Meskipun undang-undang baru akan diberlalukan, ketua umum AAUI dalam sambutannya mengatakan bahwa industri asuransi akan terus melanjutkan usaha penjaminan karena sudah mempunyai pengalaman, permodalan, kapasitas,  system dan sumber daya yang terlatih. Mempunyai dasar-dasar hukum yang kuat yang memMelingi dan tidak bertentangan dengan undang-undang yang baru.

Demikian juga dengan sambutan dari pejabat OJK yang menyatakan bahwa penyelenggaraan bisnis penjaminan dilanjukkan saja seperti biasa karena OJK juga belum punya petunjuk pelaksaannya. Selain itu OJK belum punya prioritas untuk mengurus perizinan untuk perusahaan penjaminan saat ini. 

Bagi pengusaha yang ingin membuka perusahaan penjaminan juga keberatan karena akan diperlukan modal, sumber daya dan system. Semua itu memerlukan waktu dan dana besar dan tidak akan bisa terpenuhi dalam waktu 6 bulan ke depan.

Salah satu peserta diskusi juga berpendapat bahwa perbedaan di dalam penafsiran undang-undang sering terjadi di industri lain. Salah satu penyebabnya adalah perubahan dan kemajuan teknologi yang begitu dinamis. Salah satu contohnya di bidang telekomunikasi dan perbankan. Di dalam undang-undang, yang berhak mengelola dana masyarakat adalah bank sementara sekarang sesuai dengan tuntutan teknologi perusahaan telekomunikasi juga melakukan pengumpulan dana dalam bentuk pulsa dan bentuk lainya yang dapat digunakan sebagai pembayaran. Demi untuk kepentingan masyarakat, saat ini kedua-duanya bisa berjalan bersamaan. 

Solusi yang terbaik adalah dengan membiarkan perusahaan asuransi melanjutkan proses penjaminan seperti biasa.
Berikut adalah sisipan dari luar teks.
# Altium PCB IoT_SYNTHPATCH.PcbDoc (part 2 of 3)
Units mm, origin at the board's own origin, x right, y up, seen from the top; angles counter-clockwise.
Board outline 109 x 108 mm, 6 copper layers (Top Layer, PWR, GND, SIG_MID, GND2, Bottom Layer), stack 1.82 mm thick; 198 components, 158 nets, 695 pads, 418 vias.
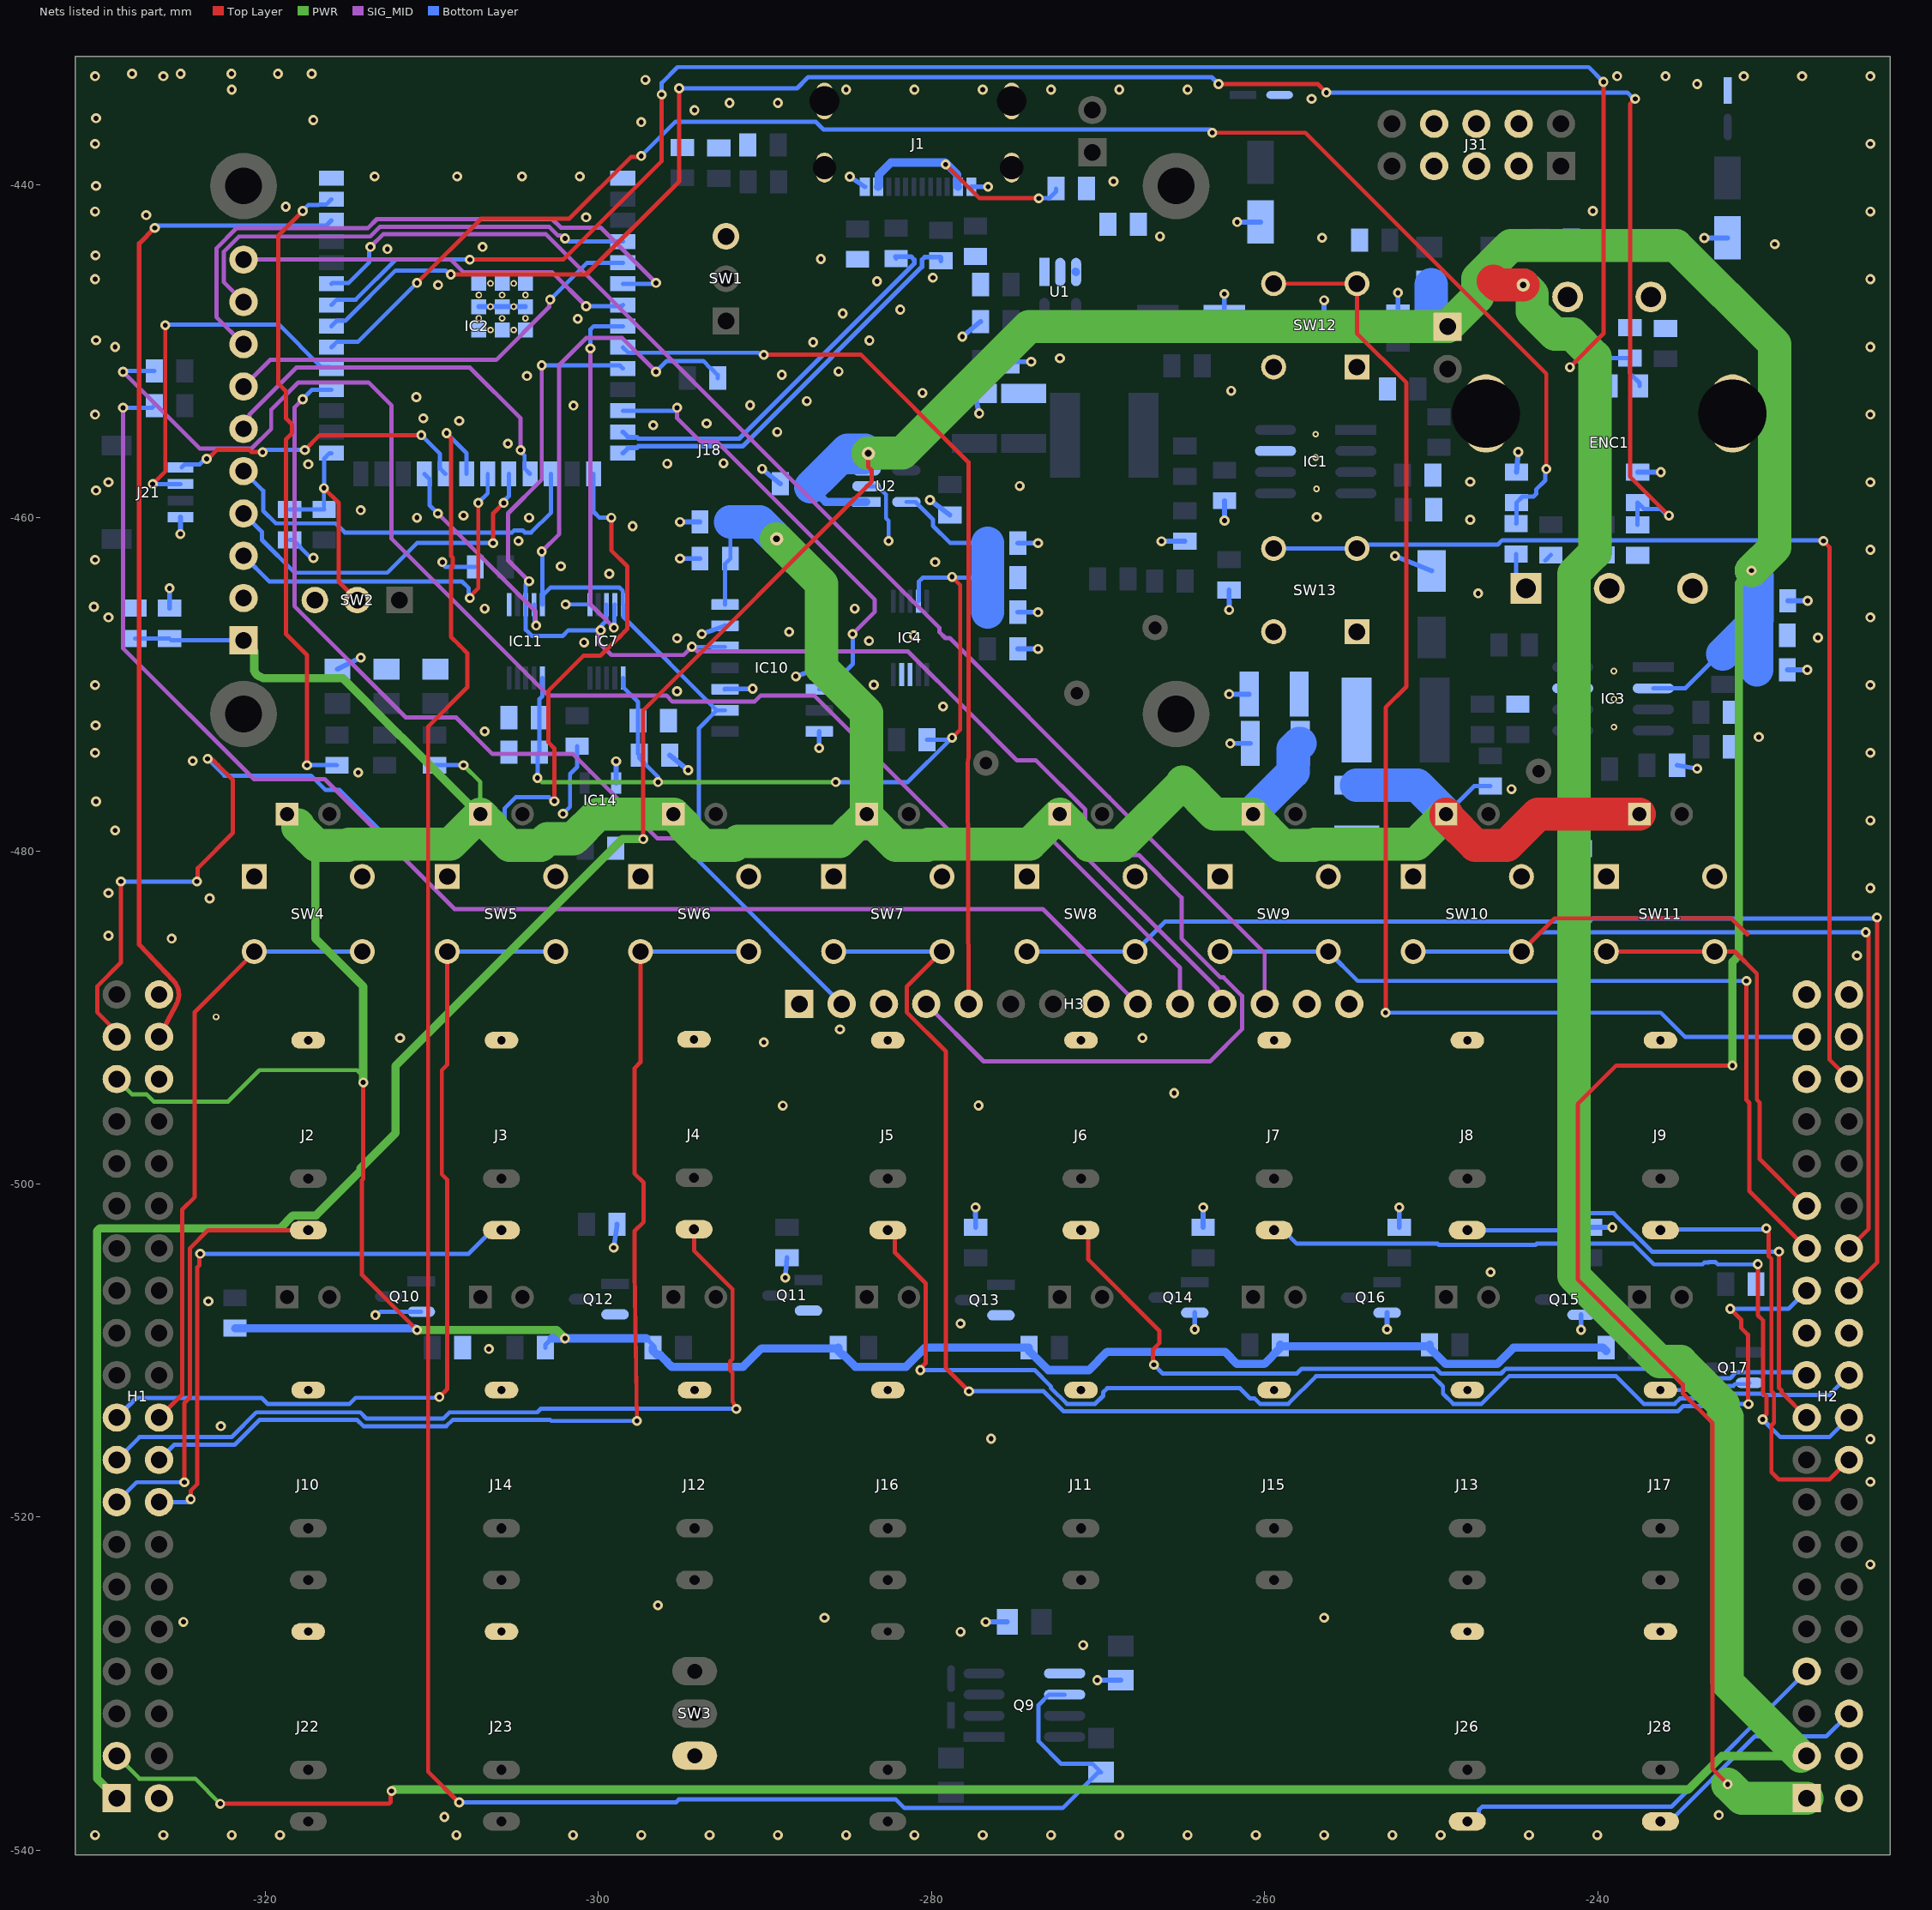
[diagram p6: the nets of this part, all layers, seen from the top]

## Via types
v1: diameter 0.6, hole 0.3, Top Layer to Bottom Layer, 407 vias
v2: diameter 0.4, hole 0.2, Top Layer to Bottom Layer, 7 vias
v3: diameter 0.8, hole 0.4, Top Layer to Bottom Layer, 4 vias

## Nets (pads, with @x,y where several pads share a name; then routed paths per layer and width w, separated by ;. In a path a pad name is that pad's centre, name@x,y a point inside that pad or via, vN(x,y) a via of type N, cw(c..) or ccw(c..) an arc to the next point about the centre after c; other vN are vias at no path point) (continued)
+5: C22.2 C23.2 C24.2 C62.2 C63.2 C88.2 C89.2 DS4.1 DS5.1 DS6.1 DS7.1 DS8.1 DS9.1 DS10.1 DS11.1 H1.35 IC10.14 J18.1 L2.2 R10.1 R16.1 R92.1 R93.1 R98.1 R99.1 R104.1 R105.1 R110.1 R111.1 | length 305
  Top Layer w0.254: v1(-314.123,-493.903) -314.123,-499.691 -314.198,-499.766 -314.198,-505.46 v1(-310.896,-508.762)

Memulai penjaminan yang diseselenggarakan oleh perusahaan penjaminan. Industri asuransi sudah jauh lebih siap sementara industri penjaminan baru mulai. 

Ada yang menafsirkan bahwa di dalam undang-undang yang baru, penekanannya lebih banyak kepada pemberian jaminan kepada pembiayaan Usaha Kecil dan Menengah (UKM). Sementara industri asuransi lebih banyak memberikan jaminan kepada industri konstruksi dan perdagangan. Jaminan tender, jaminan pelaksanaan, jaminan uang muka, custom bond, dan lain-lain. 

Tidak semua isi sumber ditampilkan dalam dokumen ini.